I just made a booking for the Worldmark Hunt – Stablewood Springs Resort

Address
245 Stablewood Springs Drive
Hunt, TX 78024
Phone: 830-238-6200

They are listed and have pictures in the Worldmark  the club site, HOWEVER you do not have them listed, so I will not be able to post a review once I get there is 2 weeks time. 

How to you add a new resort for review, or do the TUG elves have to do that?

If you are going to have to do something, then you might want to add Wyndham to the existing Worldmark Pinetop resort, as they are now listed seperately in both systems.

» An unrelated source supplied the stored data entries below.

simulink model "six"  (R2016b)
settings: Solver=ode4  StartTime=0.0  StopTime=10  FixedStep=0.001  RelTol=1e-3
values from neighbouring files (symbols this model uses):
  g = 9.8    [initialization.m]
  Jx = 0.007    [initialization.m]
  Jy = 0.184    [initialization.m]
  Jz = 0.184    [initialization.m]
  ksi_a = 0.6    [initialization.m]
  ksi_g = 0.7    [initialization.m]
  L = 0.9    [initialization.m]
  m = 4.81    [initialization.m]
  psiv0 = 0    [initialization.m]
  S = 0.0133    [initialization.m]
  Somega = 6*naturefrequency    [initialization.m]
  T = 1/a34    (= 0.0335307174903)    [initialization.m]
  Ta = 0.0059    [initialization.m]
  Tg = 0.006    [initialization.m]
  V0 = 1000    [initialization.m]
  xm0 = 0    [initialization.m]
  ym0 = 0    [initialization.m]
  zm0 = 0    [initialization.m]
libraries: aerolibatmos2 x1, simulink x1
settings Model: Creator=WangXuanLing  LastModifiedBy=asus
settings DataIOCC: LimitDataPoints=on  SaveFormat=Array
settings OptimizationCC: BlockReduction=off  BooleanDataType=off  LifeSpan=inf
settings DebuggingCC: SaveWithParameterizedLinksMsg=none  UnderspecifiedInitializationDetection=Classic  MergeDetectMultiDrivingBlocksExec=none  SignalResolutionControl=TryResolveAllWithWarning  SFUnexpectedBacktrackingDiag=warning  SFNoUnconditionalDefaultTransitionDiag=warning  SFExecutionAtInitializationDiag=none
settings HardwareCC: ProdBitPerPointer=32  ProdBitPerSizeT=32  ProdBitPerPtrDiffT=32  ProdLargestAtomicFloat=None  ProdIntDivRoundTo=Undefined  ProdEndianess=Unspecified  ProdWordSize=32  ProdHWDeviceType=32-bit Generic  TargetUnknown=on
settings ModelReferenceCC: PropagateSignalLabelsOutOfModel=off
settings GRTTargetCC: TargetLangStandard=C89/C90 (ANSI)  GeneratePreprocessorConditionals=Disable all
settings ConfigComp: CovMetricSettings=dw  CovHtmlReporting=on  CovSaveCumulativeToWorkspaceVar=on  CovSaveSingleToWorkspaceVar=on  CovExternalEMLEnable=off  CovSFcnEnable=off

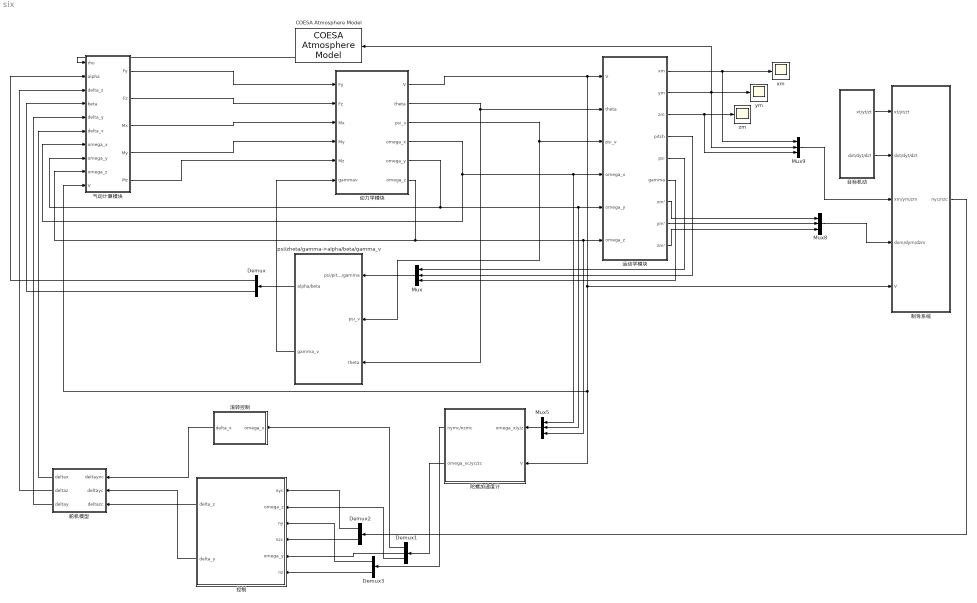
== system six ==
  COESA Atmosphere Model : aerolibatmos2/COESA Atmosphere Model  units=Metric (MKS)  spec=1976 COESA-extended U.S. Standard Atmosphere  model=Profile  profile_var=High temperature  profile_percent=1%  profile_alt=5 km (16404 ft)  envelope_var=High temperature  envelope_percent=1%  action=Warning
  Demux : Demux  Outputs=2
  Demux1 : Demux  Outputs=3
  Demux2 : Demux  Outputs=2
  Demux3 : Demux  Outputs=2
  Mux{,5,8..9} (4 alike) : Mux  Inputs=3
  psi/zheta/gamma->alpha/beta/gamma_v : Subsystem
  xm : Scope
  ym : Scope
  zm : Scope
  制导系统 : Subsystem
  动力学模块 : Subsystem
  控制 : Subsystem
  气动计算模块 : Subsystem
  滚转控制 : Subsystem
  目标机动 : Subsystem
  舵机模型 : Subsystem
  运动学模块 : Subsystem
  陀螺加速度计 : Subsystem
  wires:
  气动计算模块/1(Fy) -> 动力学模块/1(Fy)
  气动计算模块/2(Fz) -> 动力学模块/2(Fz)
  气动计算模块/3(Mx) -> 动力学模块/3(Mx)
  气动计算模块/4(My) -> 动力学模块/4(My)
  气动计算模块/5(Mz) -> 动力学模块/5(Mz)
  psi/zheta/gamma->alpha/beta/gamma_v/2(gamma_v) -> 动力学模块/6("gammav ")
  动力学模块/2(theta) -> psi/zheta/gamma->alpha/beta/gamma_v/3(theta), 运动学模块/2(theta)
  动力学模块/5(omega_y) -> 气动计算模块/8(omega_y), Mux5/2, 运动学模块/5(omega_y)
  动力学模块/6(omega_z) -> 气动计算模块/9(omega_z), Mux5/3, 运动学模块/6(omega_z)
  动力学模块/3(psi_v) -> psi/zheta/gamma->alpha/beta/gamma_v/2(psi_v), 运动学模块/3(psi_v)
  Demux/2 -> 气动计算模块/4(beta)
  Demux/1 -> 气动计算模块/2(alpha)
  运动学模块/5(psi) -> Mux/1
  运动学模块/4(pitch) -> Mux/2
  运动学模块/7(xm') -> Mux8/1
  运动学模块/8(ym') -> Mux8/2
  运动学模块/9(zm') -> Mux8/3
  动力学模块/1(V) -> 陀螺加速度计/2(V), 气动计算模块/10(V), 制导系统/5(V), 运动学模块/1(V)
  运动学模块/2(ym) -> COESA Atmosphere Model/1, ym/1, Mux9/2
  动力学模块/4(omega_x) -> 气动计算模块/7(omega_x), Mux5/1, 运动学模块/4(omega_x)
  滚转控制/1(delta_x) -> 舵机模型/1(deltayxc)
  控制/1(delta_z) -> 舵机模型/3(deltazc)
  控制/2(delta_y) -> 舵机模型/2(deltayc)
  运动学模块/6(gamma) -> Mux/3
  运动学模块/3(zm) -> zm/1, Mux9/3
  运动学模块/1(xm) -> Mux9/1, xm/1
  舵机模型/1(deltax) -> 气动计算模块/6(delta_x)
  舵机模型/2(deltaz) -> 气动计算模块/3(delta_z)
  舵机模型/3(deltay) -> 气动计算模块/5(delta_y)
  psi/zheta/gamma->alpha/beta/gamma_v/1(alpha/beta) -> Demux/1
  Mux/1 -> psi/zheta/gamma->alpha/beta/gamma_v/1(psi/pitch/gamma)
  制导系统/1(nyc/nzc) -> Demux2/1
  目标机动/2(dxt/dyt/dzt) -> 制导系统/2(dxt/dyt/dzt)
  目标机动/1(xt/yt/zt) -> 制导系统/1(xt/yt/zt)
  Mux8/1 -> 制导系统/4(dxm/dym/dzm)
  Mux9/1 -> 制导系统/3(xm/ym/zm)
  陀螺加速度计/2(omega_xc/yc/zc) -> Demux1/1
  陀螺加速度计/1(nymc/nzmc) -> Demux3/1
  Mux5/1 -> 陀螺加速度计/1(omega_x/y/z)
  COESA Atmosphere Model/4 -> 气动计算模块/1(rho)
  Demux1/1 -> 滚转控制/1(omega_x)
  Demux1/2 -> 控制/5(omega_y)
  Demux1/3 -> 控制/2(omega_z)
  Demux2/1 -> 控制/1(nyc)
  Demux2/2 -> 控制/4(nzc)
  Demux3/1 -> 控制/3(ny)
  Demux3/2 -> 控制/6(nz)

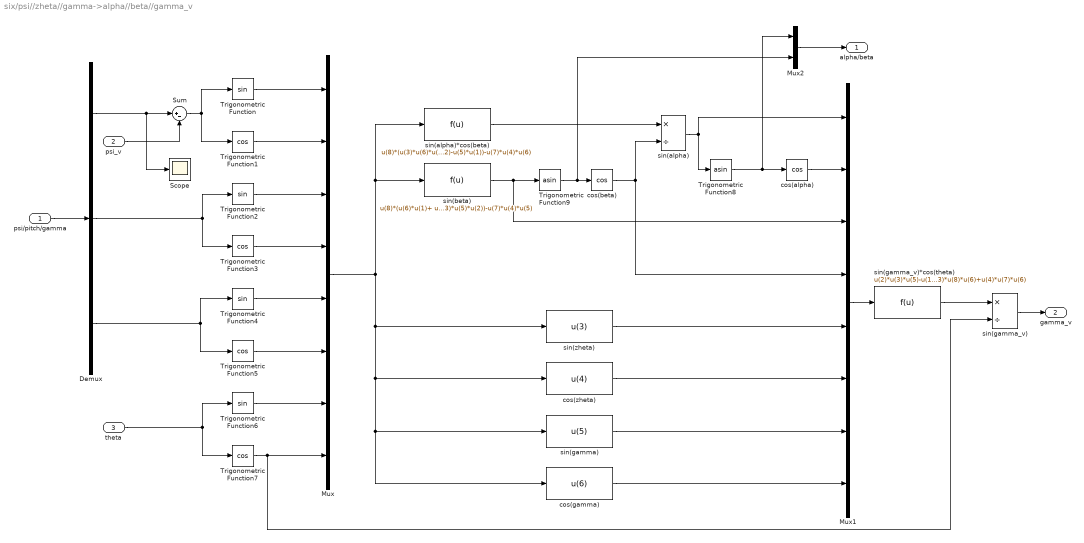
== system six/psi//zheta//gamma->alpha//beta//gamma_v ==
  psi/pitch/gamma : Inport
  psi_v : Inport  Port=2
  theta : Inport  Port=3
  Demux : Demux  Outputs=3
  Mux : Mux  Inputs=8
  Mux1 : Mux  Inputs=8
  Mux2 : Mux  Inputs=2
  Scope : Scope
  Sum : Sum  Inputs=|+-
  Trigonometric Function{,2,4,6} (4 alike) : Trigonometry
  Trigonometric Function{1,3,5,7} (4 alike) : Trigonometry  Operator=cos
  Trigonometric Function8 : Trigonometry  Operator=asin
  Trigonometric Function9 : Trigonometry  Operator=asin
  cos(alpha) : Trigonometry  Operator=cos
  cos(beta) : Trigonometry  Operator=cos
  cos(gamma) : Fcn  Expr=u(6)
  cos(zheta) : Fcn  Expr=u(4)
  sin(alpha) : Product  Inputs=*/
  sin(alpha)*cos(beta) : Fcn  Expr=u(8)*(u(3)*u(6)*u(2)-u(5)*u(1))-u(7)*u(4)*u(6)
  sin(beta) : Fcn  Expr=u(8)*(u(6)*u(1)+ u(3)*u(5)*u(2))-u(7)*u(4)*u(5)
  sin(gamma) : Fcn  Expr=u(5)
  sin(gamma_v) : Product  Inputs=*/
  sin(gamma_v)*cos(theta) : Fcn  Expr=u(2)*u(3)*u(5)-u(1)*u(3)*u(8)*u(6)+u(4)*u(7)*u(6)
  sin(zheta) : Fcn  Expr=u(3)
  alpha/beta : Outport
  gamma_v : Outport  Port=2
  wires:
  psi/pitch/gamma/1 -> Demux/1
  Demux/1 -> Scope/1, Sum/1
  Sum/1 -> Trigonometric Function/1, Trigonometric Function1/1
  Demux/2 -> Trigonometric Function3/1, Trigonometric Function2/1
  Demux/3 -> Trigonometric Function4/1, Trigonometric Function5/1
  Trigonometric Function/1 -> Mux/1
  Trigonometric Function1/1 -> Mux/2
  Trigonometric Function2/1 -> Mux/3
  Trigonometric Function3/1 -> Mux/4
  Trigonometric Function4/1 -> Mux/5
  Trigonometric Function5/1 -> Mux/6
  theta/1 -> Trigonometric Function7/1, Trigonometric Function6/1
  Trigonometric Function6/1 -> Mux/7
  Trigonometric Function7/1 -> Mux/8, sin(gamma_v)/2
  sin(beta)/1 -> Mux1/3, Trigonometric Function9/1
  Trigonometric Function9/1 -> Mux2/2, cos(beta)/1
  sin(alpha)*cos(beta)/1 -> sin(alpha)/1
  cos(beta)/1 -> Mux1/4, sin(alpha)/2
  sin(alpha)/1 -> Mux1/1, Trigonometric Function8/1
  Trigonometric Function8/1 -> Mux2/1, cos(alpha)/1
  cos(alpha)/1 -> Mux1/2
  sin(zheta)/1 -> Mux1/5
  cos(zheta)/1 -> Mux1/6
  sin(gamma)/1 -> Mux1/7
  cos(gamma)/1 -> Mux1/8
  sin(gamma_v)*cos(theta)/1 -> sin(gamma_v)/1
  sin(gamma_v)/1 -> gamma_v/1
  psi_v/1 -> Sum/2
  Mux/1 -> cos(gamma)/1, sin(gamma)/1, cos(zheta)/1, sin(zheta)/1, sin(alpha)*cos(beta)/1, sin(beta)/1
  Mux1/1 -> sin(gamma_v)*cos(theta)/1
  Mux2/1 -> alpha/beta/1

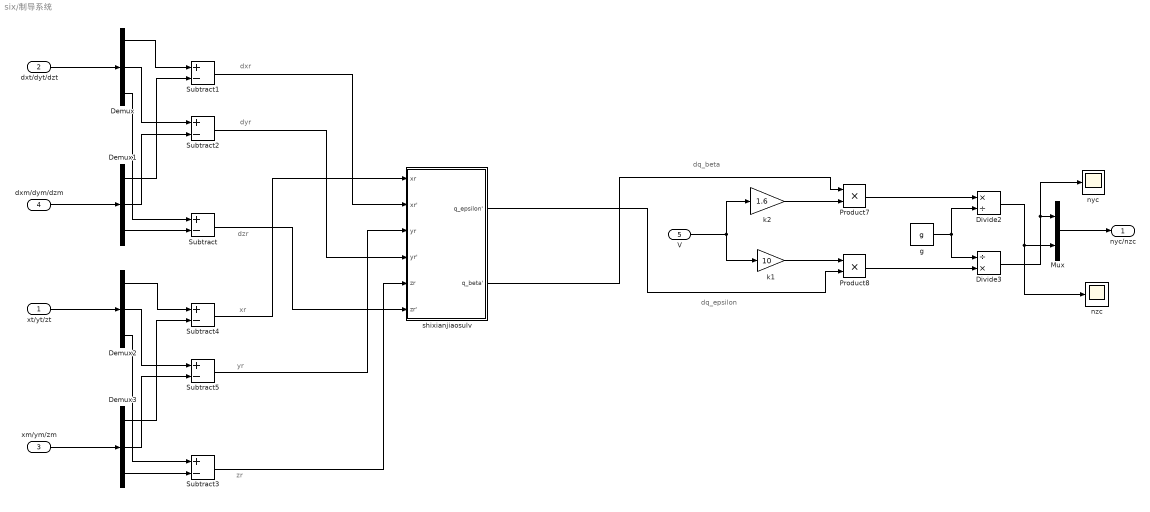
== system six/制导系统 ==
  note: dq_epsilon
  note: zr
  note: yr
  note: xr
  note: dzr
  note: dyr
  note: dxr
  note: dq_beta
  xt/yt/zt : Inport
  dxt/dyt/dzt : Inport  Port=2
  xm/ym/zm : Inport  Port=3
  dxm/dym/dzm : Inport  Port=4
  V : Inport  Port=5
  Demux{,1..3} (4 alike) : Demux  Outputs=3
  Divide2 : Product  Inputs=*/
  Divide3 : Product  Inputs=/*
  Mux : Mux  Inputs=2
  Product7 : Product
  Product8 : Product
  Subtract{,1..5} (6 alike) : Sum  Inputs=+-
  g : Constant  Value=g
  k1 : Gain  Gain=10
  k2 : Gain  Gain=1.6
  nyc : Scope
  nzc : Scope
  shixianjiaosulv : Subsystem
  nyc/nzc : Outport
  wires:
  Demux/3 -> Subtract/1
  Demux/2 -> Subtract2/1
  dxm/dym/dzm/1 -> Demux1/1
  dxt/dyt/dzt/1 -> Demux/1
  k2/1 -> Product7/2
  Subtract5/1 -> shixianjiaosulv/3(yr)
  Product7/1 -> Divide2/1
  g/1 -> Divide3/1, Divide2/2
  Demux3/3 -> Subtract3/2
  Mux/1 -> nyc/nzc/1
  Demux1/3 -> Subtract/2
  Demux2/1 -> Subtract4/1
  V/1 -> k1/1, k2/1
  Demux3/1 -> Subtract4/2
  Product8/1 -> Divide3/2
  Demux2/2 -> Subtract5/1
  xm/ym/zm/1 -> Demux3/1
  xt/yt/zt/1 -> Demux2/1
  Subtract3/1 -> shixianjiaosulv/5(zr)
  k1/1 -> Product8/1
  Demux3/2 -> Subtract5/2
  Demux2/3 -> Subtract3/1
  Demux1/1 -> Subtract1/2
  Demux/1 -> Subtract1/1
  Demux1/2 -> Subtract2/2
  Divide2/1 -> nzc/1, Mux/2
  Divide3/1 -> Mux/1, nyc/1
  shixianjiaosulv/1(q_epsilon') -> Product8/2
  shixianjiaosulv/2(q_beta') -> Product7/1
  Subtract4/1 -> shixianjiaosulv/1(xr)
  Subtract1/1 -> shixianjiaosulv/2(xr')
  Subtract2/1 -> shixianjiaosulv/4(yr')
  Subtract/1 -> shixianjiaosulv/6(zr')

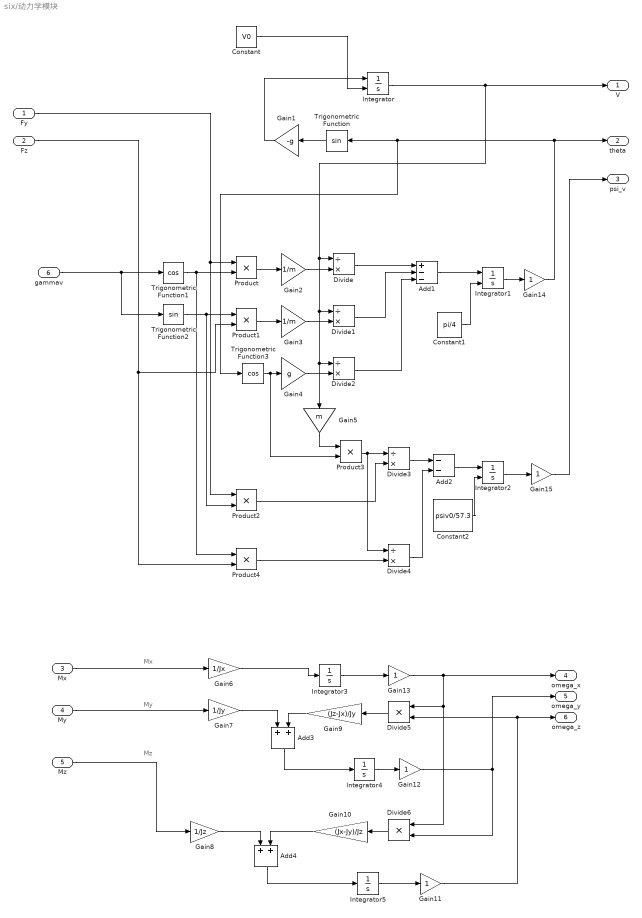
== system six/动力学模块 ==
  note: Mz
  note: My
  note: Mx
  Fy : Inport
  Fz : Inport  Port=2
  Mx : Inport  Port=3
  My : Inport  Port=4
  Mz : Inport  Port=5
  "gammav " : Inport  Port=6
  Add1 : Sum  Inputs=+--
  Add2 : Sum  Inputs=--
  Add3 : Sum
  Add4 : Sum
  Constant : Constant  Value=V0
  Constant1 : Constant  Value=pi/4
  Constant2 : Constant  Value=psiv0/57.3
  Divide{,1..4} (5 alike) : Product  Inputs=/*
  Divide5 : Product  Inputs=**
  Divide6 : Product  Inputs=**
  Gain1 : Gain  Gain=-g
  Gain10 : Gain  Gain=(Jx-Jy)/Jz
  Gain{11..15} (5 alike) : Gain
  Gain2 : Gain  Gain=1/m
  Gain3 : Gain  Gain=1/m
  Gain4 : Gain  Gain=g
  Gain5 : Gain  Gain=m
  Gain6 : Gain  Gain=1/Jx
  Gain7 : Gain  Gain=1/Jy
  Gain8 : Gain  Gain=1/Jz
  Gain9 : Gain  Gain=(Jz-Jx)/Jy
  Integrator : Integrator  InitialConditionSource=external
  Integrator1 : Integrator  InitialConditionSource=external
  Integrator2 : Integrator  InitialConditionSource=external
  Integrator3 : Integrator
  Integrator4 : Integrator
  Integrator5 : Integrator
  Product{,1..4} (5 alike) : Product
  Trigonometric Function : Trigonometry
  Trigonometric Function1 : Trigonometry  Operator=cos
  Trigonometric Function2 : Trigonometry
  Trigonometric Function3 : Trigonometry  Operator=cos
  V : Outport
  theta : Outport  Port=2
  psi_v : Outport  Port=3
  omega_x : Outport  Port=4
  omega_y : Outport  Port=5
  omega_z : Outport  Port=6
  wires:
  Fy/1 -> Product/1, Product2/1
  Fz/1 -> Product4/2, Product1/2
  Trigonometric Function/1 -> Gain1/1
  Gain1/1 -> Integrator/1
  "gammav "/1 -> Trigonometric Function2/1, Trigonometric Function1/1
  Trigonometric Function1/1 -> Product4/1, Product/2
  Product/1 -> Gain2/1
  Gain2/1 -> Divide/2
  Gain3/1 -> Divide1/2
  Product1/1 -> Gain3/1
  Divide/1 -> Add1/1
  Divide1/1 -> Add1/2
  Constant/1 -> Integrator/2
  Trigonometric Function3/1 -> Product3/2, Gain4/1
  Gain4/1 -> Divide2/2
  Divide2/1 -> Add1/3
  Add1/1 -> Integrator1/1
  Constant1/1 -> Integrator1/2
  Trigonometric Function2/1 -> Product1/1, Product2/2
  Gain5/1 -> Product3/1
  Product3/1 -> Divide4/1, Divide3/1
  Product2/1 -> Divide3/2
  Divide3/1 -> Add2/1
  Product4/1 -> Divide4/2
  Divide4/1 -> Add2/2
  Add2/1 -> Integrator2/1
  Constant2/1 -> Integrator2/2
  Mx/1 -> Gain6/1
  My/1 -> Gain7/1
  Mz/1 -> Gain8/1
  Gain6/1 -> Integrator3/1
  Integrator3/1 -> Gain13/1
  Gain7/1 -> Add3/1
  Divide5/1 -> Gain9/1
  Gain9/1 -> Add3/2
  Add3/1 -> Integrator4/1
  Gain8/1 -> Add4/1
  Gain12/1 -> omega_y/1, Divide6/2
  Divide6/1 -> Gain10/1
  Gain10/1 -> Add4/2
  Add4/1 -> Integrator5/1
  Gain11/1 -> Divide5/2, omega_z/1
  Integrator/1 -> V/1, Divide/1, Gain5/1, Divide2/1, Divide1/1
  Integrator1/1 -> Gain14/1
  Integrator2/1 -> Gain15/1
  Integrator5/1 -> Gain11/1
  Integrator4/1 -> Gain12/1
  Gain14/1 -> theta/1, Trigonometric Function/1, Trigonometric Function3/1
  Gain15/1 -> psi_v/1
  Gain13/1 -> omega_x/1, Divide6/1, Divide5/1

[_Not a question about the bulletin board.  Moving to About the Rest of TUG.  _-- mg]


----------



## TUGBrian (Oct 23, 2016)

just shoot an email to tug@tug2.net and we can get it added if its not there already!


----------



## Sandy VDH (Oct 23, 2016)

Its not there I already looked.


----------



## spackler (Nov 12, 2016)

Can Club Wyndham Access points be added as a "resort"?  It'd be helpful to those looking to buy/sell these points.


----------



## DeniseM (Nov 12, 2016)

On the Ad menu, choose points, and then Wyndham.


----------



## TUGBrian (Nov 27, 2016)

all "points" ads have their own categories within the marketplace (and marketplace search) in both the for sale and for rent categories!


----------



## spackler (Nov 27, 2016)

It'd still be nice if you could add Club Wyndham Access points as a separate "resort" so you could have them in your watch list, wish list, look at price history, etc.


----------



## dioxide45 (Nov 27, 2016)

Is Club Wyndham Access different than regular Wyndham points? If so, what is the difference. I think what would happen is that there would be a lot of points that end up labeled wrong because people would pick the wrong option when they don't really know what they are selling.


----------



## TUGBrian (Nov 27, 2016)

yes, apparently there is enough of a distinction between the two to require different listings on the ads being sold.


----------